How about... "I need these new jnats and finger-stones to restore the stock finish"


----------



## esoo

ethompson said:


> How about... "I need these new jnats and finger-stones to restore the stock finish"



I'm smarter than that. Not going down the jnat hole.


----------



## M1k3

esoo said:


> I'm smarter than that. Not going down the jnat hole.

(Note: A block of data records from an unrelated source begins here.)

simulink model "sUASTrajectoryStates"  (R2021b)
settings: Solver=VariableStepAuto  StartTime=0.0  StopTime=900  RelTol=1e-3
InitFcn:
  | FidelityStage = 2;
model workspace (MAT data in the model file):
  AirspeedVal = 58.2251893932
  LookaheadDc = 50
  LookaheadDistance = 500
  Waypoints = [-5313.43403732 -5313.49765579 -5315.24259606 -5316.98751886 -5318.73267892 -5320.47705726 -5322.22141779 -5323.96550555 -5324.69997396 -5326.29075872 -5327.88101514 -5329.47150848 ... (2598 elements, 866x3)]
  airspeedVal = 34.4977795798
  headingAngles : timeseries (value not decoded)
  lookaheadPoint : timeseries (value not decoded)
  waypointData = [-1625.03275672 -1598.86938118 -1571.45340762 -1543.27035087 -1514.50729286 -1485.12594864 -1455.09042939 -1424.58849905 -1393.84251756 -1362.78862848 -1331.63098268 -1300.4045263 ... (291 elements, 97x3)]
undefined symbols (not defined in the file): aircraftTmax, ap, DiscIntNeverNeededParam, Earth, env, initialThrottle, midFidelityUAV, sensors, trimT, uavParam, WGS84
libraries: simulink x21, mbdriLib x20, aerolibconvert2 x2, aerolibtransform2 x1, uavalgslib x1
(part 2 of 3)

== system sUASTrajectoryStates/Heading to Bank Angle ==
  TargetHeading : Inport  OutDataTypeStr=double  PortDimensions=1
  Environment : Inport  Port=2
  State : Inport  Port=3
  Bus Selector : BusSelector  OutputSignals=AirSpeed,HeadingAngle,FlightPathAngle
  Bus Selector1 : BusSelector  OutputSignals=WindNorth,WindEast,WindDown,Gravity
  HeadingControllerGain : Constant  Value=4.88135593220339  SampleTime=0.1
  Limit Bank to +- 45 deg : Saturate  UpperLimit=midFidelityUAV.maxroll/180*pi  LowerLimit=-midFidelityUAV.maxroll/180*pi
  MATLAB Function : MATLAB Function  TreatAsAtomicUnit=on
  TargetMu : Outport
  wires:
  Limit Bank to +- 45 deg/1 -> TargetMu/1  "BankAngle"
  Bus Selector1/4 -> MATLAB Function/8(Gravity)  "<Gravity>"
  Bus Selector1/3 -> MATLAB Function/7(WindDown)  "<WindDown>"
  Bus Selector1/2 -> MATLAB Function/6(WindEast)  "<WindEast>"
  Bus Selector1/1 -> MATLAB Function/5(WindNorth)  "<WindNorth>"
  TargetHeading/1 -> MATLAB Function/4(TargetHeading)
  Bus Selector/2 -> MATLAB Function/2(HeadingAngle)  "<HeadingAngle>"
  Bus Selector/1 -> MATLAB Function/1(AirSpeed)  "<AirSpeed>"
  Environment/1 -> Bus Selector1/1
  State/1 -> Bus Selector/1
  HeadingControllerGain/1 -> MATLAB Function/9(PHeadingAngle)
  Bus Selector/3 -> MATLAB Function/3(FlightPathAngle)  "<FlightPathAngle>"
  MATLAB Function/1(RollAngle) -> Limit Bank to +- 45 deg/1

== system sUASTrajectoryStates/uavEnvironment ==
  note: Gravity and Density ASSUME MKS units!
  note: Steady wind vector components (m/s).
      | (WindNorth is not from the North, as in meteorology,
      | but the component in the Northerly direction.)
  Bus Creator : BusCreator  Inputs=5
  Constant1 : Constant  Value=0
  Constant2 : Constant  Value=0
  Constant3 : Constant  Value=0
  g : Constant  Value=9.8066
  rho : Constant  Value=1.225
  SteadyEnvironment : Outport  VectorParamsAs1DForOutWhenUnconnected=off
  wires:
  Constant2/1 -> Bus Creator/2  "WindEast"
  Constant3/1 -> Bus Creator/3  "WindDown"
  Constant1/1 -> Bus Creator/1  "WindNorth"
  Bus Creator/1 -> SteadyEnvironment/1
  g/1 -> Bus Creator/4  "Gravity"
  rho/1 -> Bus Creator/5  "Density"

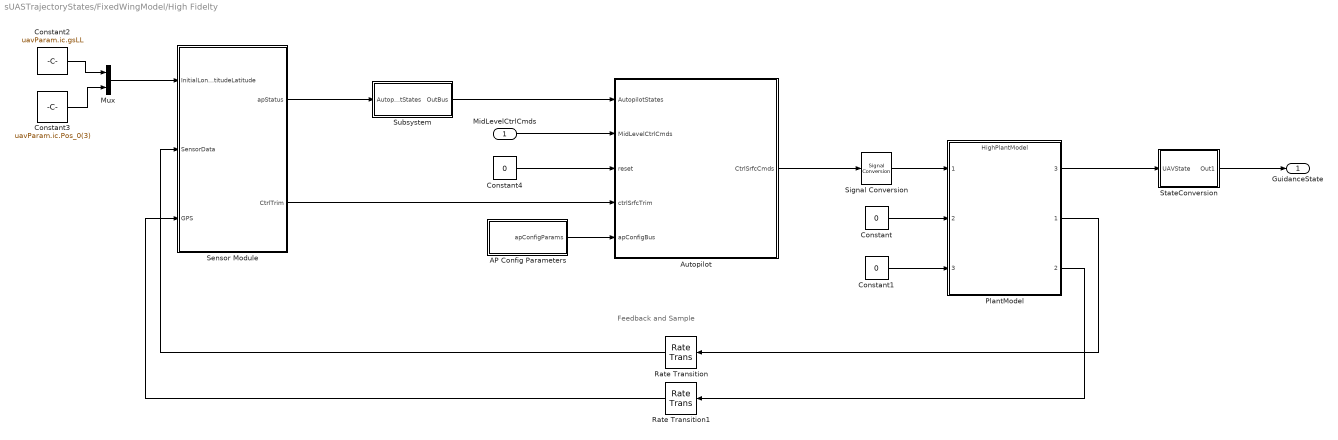
== system sUASTrajectoryStates/FixedWingModel/High Fidelty ==
  note: Feedback and Sample
  MidLevelCtrlCmds : Inport
  AP Config Parameters : Subsystem
  Autopilot : Subsystem
  Constant : Constant  Value=0
  Constant1 : Constant  Value=0
  Constant2 : Constant  Value=uavParam.ic.gsLL  OutDataTypeStr=single
  Constant3 : Constant  Value=uavParam.ic.Pos_0(3)  OutDataTypeStr=single
  Constant4 : Constant  Value=0
  Mux : Mux  Inputs=2
  PlantModel : ModelReference  ModelNameDialog=HighPlantModel.slx  SimulationMode=Normal  ModelReferenceVersion=2.0
      settings: PortSchema="{\"entries\":[{\"content\":{\"sides\":[{\"content\":{\"connectorIds\":[\"In1\",\"In2\",\"In3\"]},\"type\":\"ConnectorPlacement.EquallySpacedRectSide\",\"uuid\":\"b05064ba-762f-4c47-8c4a-e4b5b8698203\"},{\"content\":{\"connectorIds\":[\"Out3\",\"Out1\",\"Out2\"],\"side\":\"RIGHT\"},\"type\":\"ConnectorPlacement.EquallySpacedRectSide\",\"uuid\":\"4dd868b9-025c-4261-91c2-75e76041d933\"},{\"content\":{\"connectorIds\":[],\"side\":\"TOP\"},\"type\":\"ConnectorPlacement.EquallySpacedRectSide\",\"uuid\":\"bfb2a469-2e8b-4568-a482-f0d58a8ec089\"}]},\"type\":\"ConnectorPlacement.EquallySpacedConnector\",\"uuid\":\"89fe167c-302c-412e-9468-047389136680\"}],\"packageUris\":[\"http://schema.mathworks.com/mf0/Connector/R2020b\"],\"version\":\"1.0\"}"
  Rate Transition : RateTransition  OutPortSampleTime=ap.apSampleTime
  Rate Transition1 : RateTransition  OutPortSampleTime=ap.apSampleTime
      settings: AttributesFormatString=%<OutPortSampleTime>
  Sensor Module : Subsystem
  Signal Conversion : SignalConversion  ConversionOutput=Nonvirtual bus  OutDataTypeStr=Bus: ctrlCmdsBus  OverrideOpt=off
  StateConversion : Subsystem
  Subsystem : Subsystem
  GuidanceState : Outport
  wires:
  PlantModel/1 -> Rate Transition/1
  PlantModel/3 -> StateConversion/1(UAVState)
  StateConversion/1(Out1) -> GuidanceState/1
  Mux/1 -> Sensor Module/1(InitialLongtitudeLatitude)
  Constant2/1 -> Mux/1
  Constant1/1 -> PlantModel/3
  Constant/1 -> PlantModel/2
  PlantModel/2 -> Rate Transition1/1
  Constant3/1 -> Mux/2
  Rate Transition/1 -> Sensor Module/2(SensorData)
  Rate Transition1/1 -> Sensor Module/3(GPS)
  Signal Conversion/1 -> PlantModel/1
  Sensor Module/1(apStatus) -> Subsystem/1(AutopilotStates)
  Subsystem/1(OutBus) -> Autopilot/1(AutopilotStates)
  MidLevelCtrlCmds/1 -> Autopilot/2(MidLevelCtrlCmds)
  Constant4/1 -> Autopilot/3(reset)
  Sensor Module/2(CtrlTrim) -> Autopilot/4(ctrlSrfcTrim)
  AP Config Parameters/1(apConfigParams) -> Autopilot/5(apConfigBus)
  Autopilot/1(CtrlSrfcCmds) -> Signal Conversion/1

== system sUASTrajectoryStates/FixedWingModel/LowFidelity ==
  MidLevelCtrlCmds : Inport
  Bus Creator1 : BusCreator  Inputs=4  OutDataTypeStr=Bus: FixedWingEnvironmentBus  NonVirtualBus=on
  Constant : Constant  Value=0
  Constant1 : Constant  Value=0
  Constant2 : Constant  Value=0
  Constant5 : Constant  Value=env.ISA_g
  Fixed Wing UAV Guidance Model : uavalgslib/Guidance Model  ModelType=FixedWingGuidance  SpecifiedDataType=double  SimulateUsing=Code generation  InitialWorldPositionMultirotor=[0; 0; 0]  InitialWorldVelocityMultirotor=[0; 0; 0]  InitialEulerZYXMultirotor=[0; 0; 0]  InitialBodyAngularRateRPYMultirotor=[0; 0; 0]  InitialThrustMultirotor=0  InitialNorthFixedWing=0  InitialEastFixedWing=0  InitialHeightFixedWing=lowFidelityUAV.initialAltitude  InitialAirSpeedFixedWing=lowFidelityUAV.initialAirSpeed  InitialHeadingAngleFixedWing=0  InitialFlightPathAngleFixedWing=0  InitialRollAngleFixedWing=0  InitialRollAngleRateFixedWing=0  PDRollMultirotor=[3402.97,116.67]  PDPitchMultirotor=[3402.97, 116.67]  PYawRateMultirotor=1950  PThrustMultirotor=3900  MassMultirotor=0.1  PHeightFixedWing=3  PHeadingAngleFixedWing=3.9  PFlightPathAngleFixedWing=3.9  PDRollFixedWing="[5.448     4.6668]"  PAirSpeedFixedWing=7.8  FlightPathAngleLimitsFixedWing=[-pi/4, pi/4]  StateBusName='FixedWingStateBus'  ControlBusName='FixedWingControlBus'  EnvironmentBusName='FixedWingEnvironmentBus'  DataType=double
      settings: SourceProductBaseCode=UV
  GuidanceState : Outport  VectorParamsAs1DForOutWhenUnconnected=off
  wires:
  Constant5/1 -> Bus Creator1/4  "Gravity"
  Constant1/1 -> Bus Creator1/2  "WindEast"
  Bus Creator1/1 -> Fixed Wing UAV Guidance Model/2
  MidLevelCtrlCmds/1 -> Fixed Wing UAV Guidance Model/1
  Constant/1 -> Bus Creator1/1  "WindNorth"
  Fixed Wing UAV Guidance Model/1 -> GuidanceState/1
  Constant2/1 -> Bus Creator1/3  "WindDown"

== system sUASTrajectoryStates/FixedWingModel/Mid Fidelty ==
  MidLevelCtrlCmds : Inport
  Constant : Constant  Value=0
  Delay : Delay  DelayLength=1  InitialCondition=struct('Xe', [0 0 midFidelityUAV.initialAltitude], 'ias',midFidelityUAV.initialAirspeed)  SampleTime=ap.apSampleTime
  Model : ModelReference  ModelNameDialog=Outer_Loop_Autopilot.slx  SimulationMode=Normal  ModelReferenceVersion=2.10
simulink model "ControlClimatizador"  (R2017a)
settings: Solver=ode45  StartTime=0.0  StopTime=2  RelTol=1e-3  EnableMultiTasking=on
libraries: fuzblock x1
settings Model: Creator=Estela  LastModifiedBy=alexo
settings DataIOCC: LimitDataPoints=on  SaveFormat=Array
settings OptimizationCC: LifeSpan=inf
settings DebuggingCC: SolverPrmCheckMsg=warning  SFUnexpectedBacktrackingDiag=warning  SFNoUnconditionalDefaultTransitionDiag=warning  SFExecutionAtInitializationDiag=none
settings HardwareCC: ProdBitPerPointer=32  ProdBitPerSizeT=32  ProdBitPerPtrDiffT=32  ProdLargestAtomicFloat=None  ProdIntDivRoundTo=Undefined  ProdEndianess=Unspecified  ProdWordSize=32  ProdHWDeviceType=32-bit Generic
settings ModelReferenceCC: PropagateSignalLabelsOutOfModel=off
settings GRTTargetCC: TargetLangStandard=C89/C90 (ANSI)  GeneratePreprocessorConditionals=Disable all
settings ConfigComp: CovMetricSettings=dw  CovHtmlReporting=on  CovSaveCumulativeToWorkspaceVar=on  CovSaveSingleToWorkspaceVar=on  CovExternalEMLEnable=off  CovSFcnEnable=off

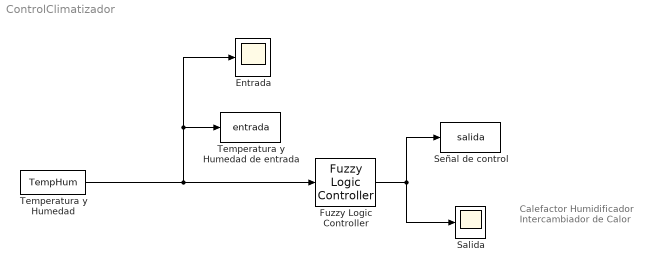
== system ControlClimatizador ==
  note: Calefactor
      | Humidificador
      | Intercambiador de Calor
  Entrada : Scope
  Fuzzy Logic Controller : fuzblock/Fuzzy Logic  Controller  fis='climatizador.fis'
  Salida : Scope
  Señal de control : ToWorkspace  VariableName=salida  SaveFormat=Timeseries  SampleTime=-1
  Temperatura y Humedad : FromWorkspace  VariableName=TempHum  SampleTime=0
  Temperatura y Humedad de entrada : ToWorkspace  VariableName=entrada  SaveFormat=Timeseries  SampleTime=-1
  wires:
  Temperatura y Humedad/1 -> Temperatura y Humedad de entrada/1, Entrada/1, Fuzzy Logic Controller/1
  Fuzzy Logic Controller/1 -> Señal de control/1, Salida/1

Sandpaper and natural stone powder?


----------



## esoo

M1k3 said:


> Sandpaper and natural stone powder?



I'll see if my standard works - grinding up a King 1000 with a diamond plate and using the dust with Windex and a micromesh pad.

I've used sandpaper - it didn't end well.


----------



## TSF415

esoo said:


> She's smarter than that...



You’re right it’s best to tell her the truth. You’re broken and need to buy a fancy stone to feel whole again and maybe a new knife too. Lol


----------



## esoo

Oops, she did it again. The Kono MM 210 is taking a beating recently. Cutting pork cracklings, leaving the blade on the counter dirty while eating followed by a "cleaning"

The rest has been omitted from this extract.